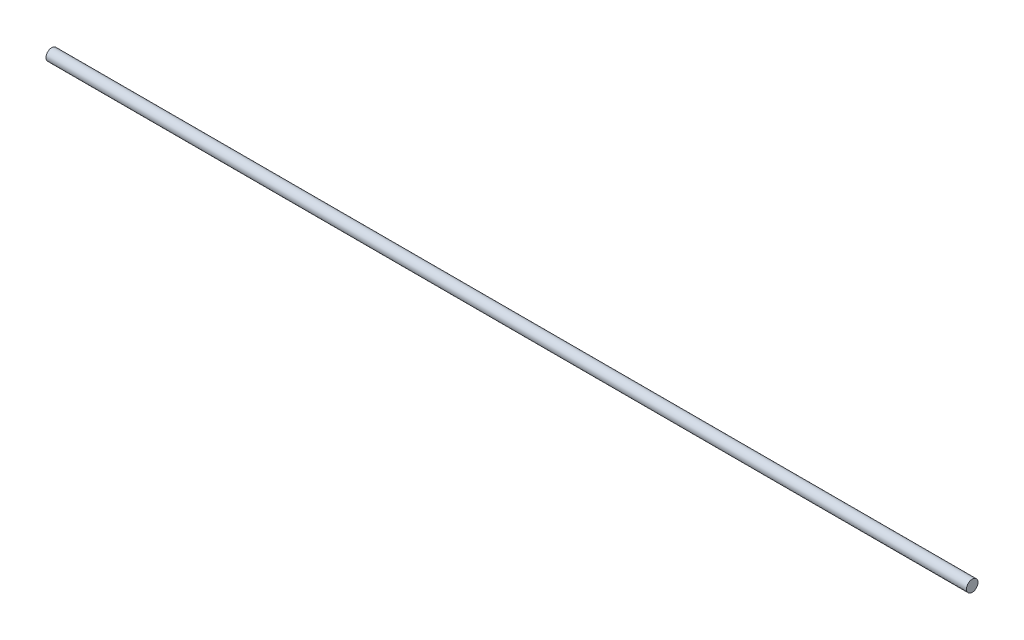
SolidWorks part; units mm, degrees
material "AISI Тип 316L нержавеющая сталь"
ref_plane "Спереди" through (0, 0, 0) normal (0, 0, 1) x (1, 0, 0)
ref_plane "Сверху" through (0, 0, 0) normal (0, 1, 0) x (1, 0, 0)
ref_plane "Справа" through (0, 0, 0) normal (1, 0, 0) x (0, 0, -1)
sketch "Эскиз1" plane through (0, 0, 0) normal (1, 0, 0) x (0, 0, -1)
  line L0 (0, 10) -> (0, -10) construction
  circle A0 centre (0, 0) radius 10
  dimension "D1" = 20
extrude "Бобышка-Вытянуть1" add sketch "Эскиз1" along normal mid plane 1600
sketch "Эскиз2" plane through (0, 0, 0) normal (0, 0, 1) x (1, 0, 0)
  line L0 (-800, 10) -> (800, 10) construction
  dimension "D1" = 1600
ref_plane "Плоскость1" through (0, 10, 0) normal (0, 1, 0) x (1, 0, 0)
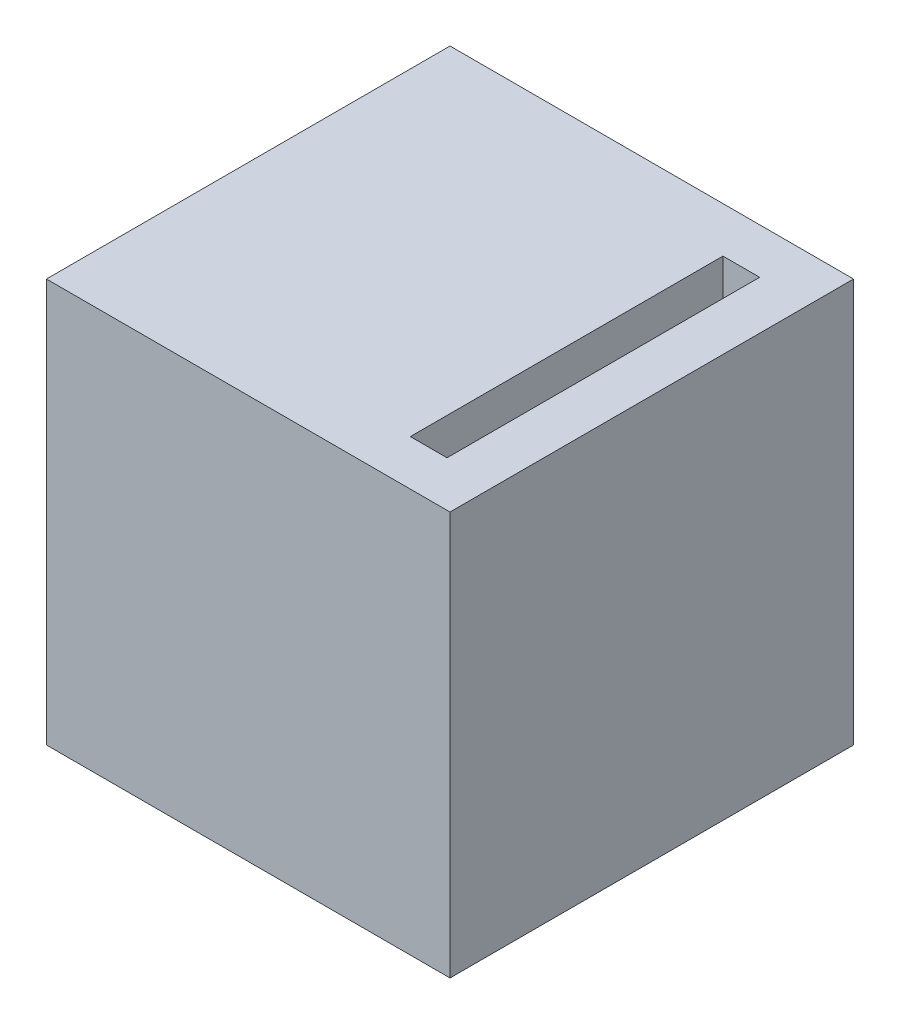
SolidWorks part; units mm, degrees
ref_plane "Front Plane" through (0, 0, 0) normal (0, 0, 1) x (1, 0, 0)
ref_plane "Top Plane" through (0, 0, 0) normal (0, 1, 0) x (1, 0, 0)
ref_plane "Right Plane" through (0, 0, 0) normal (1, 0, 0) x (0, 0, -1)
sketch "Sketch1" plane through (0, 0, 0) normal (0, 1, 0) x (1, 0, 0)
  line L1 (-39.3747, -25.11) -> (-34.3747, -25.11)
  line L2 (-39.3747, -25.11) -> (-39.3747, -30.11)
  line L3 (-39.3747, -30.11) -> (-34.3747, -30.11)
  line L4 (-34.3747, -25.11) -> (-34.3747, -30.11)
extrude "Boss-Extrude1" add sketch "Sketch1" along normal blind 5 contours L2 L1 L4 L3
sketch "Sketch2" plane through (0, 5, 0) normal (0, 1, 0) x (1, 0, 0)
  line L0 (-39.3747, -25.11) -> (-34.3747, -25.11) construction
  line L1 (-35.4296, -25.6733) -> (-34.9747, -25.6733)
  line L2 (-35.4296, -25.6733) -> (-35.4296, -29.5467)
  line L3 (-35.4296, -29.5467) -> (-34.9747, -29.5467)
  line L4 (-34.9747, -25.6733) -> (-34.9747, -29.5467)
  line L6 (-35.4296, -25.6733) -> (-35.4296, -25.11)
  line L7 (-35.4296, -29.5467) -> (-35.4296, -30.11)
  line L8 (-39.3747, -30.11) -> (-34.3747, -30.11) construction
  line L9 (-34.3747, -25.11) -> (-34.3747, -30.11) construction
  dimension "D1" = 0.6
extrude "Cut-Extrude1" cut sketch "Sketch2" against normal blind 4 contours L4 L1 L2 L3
------------------------------------
# Exercise details
Write out each line again, exactly as it appears above, except for any picture.

# Response box
SolidWorks part; units mm, degrees
material "AISI Тип 316L нержавеющая сталь"
ref_plane "Спереди" through (0, 0, 0) normal (0, 0, 1) x (1, 0, 0)
ref_plane "Сверху" through (0, 0, 0) normal (0, 1, 0) x (1, 0, 0)
ref_plane "Справа" through (0, 0, 0) normal (1, 0, 0) x (0, 0, -1)
sketch "Эскиз1" plane through (0, 0, 0) normal (1, 0, 0) x (0, 0, -1)
  line L0 (0, 10) -> (0, -10) construction
  circle A0 centre (0, 0) radius 10
  dimension "D1" = 20
extrude "Бобышка-Вытянуть1" add sketch "Эскиз1" along normal mid plane 1600
sketch "Эскиз2" plane through (0, 0, 0) normal (0, 0, 1) x (1, 0, 0)
  line L0 (-800, 10) -> (800, 10) construction
  dimension "D1" = 1600
ref_plane "Плоскость1" through (0, 10, 0) normal (0, 1, 0) x (1, 0, 0)
SolidWorks part; units mm, degrees
ref_plane "Front Plane" through (0, 0, 0) normal (0, 0, 1) x (1, 0, 0)
ref_plane "Top Plane" through (0, 0, 0) normal (0, 1, 0) x (1, 0, 0)
ref_plane "Right Plane" through (0, 0, 0) normal (1, 0, 0) x (0, 0, -1)
sketch "Sketch1" plane through (0, 0, 0) normal (0, 1, 0) x (1, 0, 0)
  line L1 (-39.3747, -25.11) -> (-34.3747, -25.11)
  line L2 (-39.3747, -25.11) -> (-39.3747, -30.11)
  line L3 (-39.3747, -30.11) -> (-34.3747, -30.11)
  line L4 (-34.3747, -25.11) -> (-34.3747, -30.11)
extrude "Boss-Extrude1" add sketch "Sketch1" along normal blind 5 contours L2 L1 L4 L3
sketch "Sketch2" plane through (0, 5, 0) normal (0, 1, 0) x (1, 0, 0)
  line L0 (-39.3747, -25.11) -> (-34.3747, -25.11) construction
  line L1 (-35.4296, -25.6733) -> (-34.9747, -25.6733)
  line L2 (-35.4296, -25.6733) -> (-35.4296, -29.5467)
  line L3 (-35.4296, -29.5467) -> (-34.9747, -29.5467)
  line L4 (-34.9747, -25.6733) -> (-34.9747, -29.5467)
  line L6 (-35.4296, -25.6733) -> (-35.4296, -25.11)
  line L7 (-35.4296, -29.5467) -> (-35.4296, -30.11)
  line L8 (-39.3747, -30.11) -> (-34.3747, -30.11) construction
  line L9 (-34.3747, -25.11) -> (-34.3747, -30.11) construction
  dimension "D1" = 0.6
extrude "Cut-Extrude1" cut sketch "Sketch2" against normal blind 4 contours L4 L1 L2 L3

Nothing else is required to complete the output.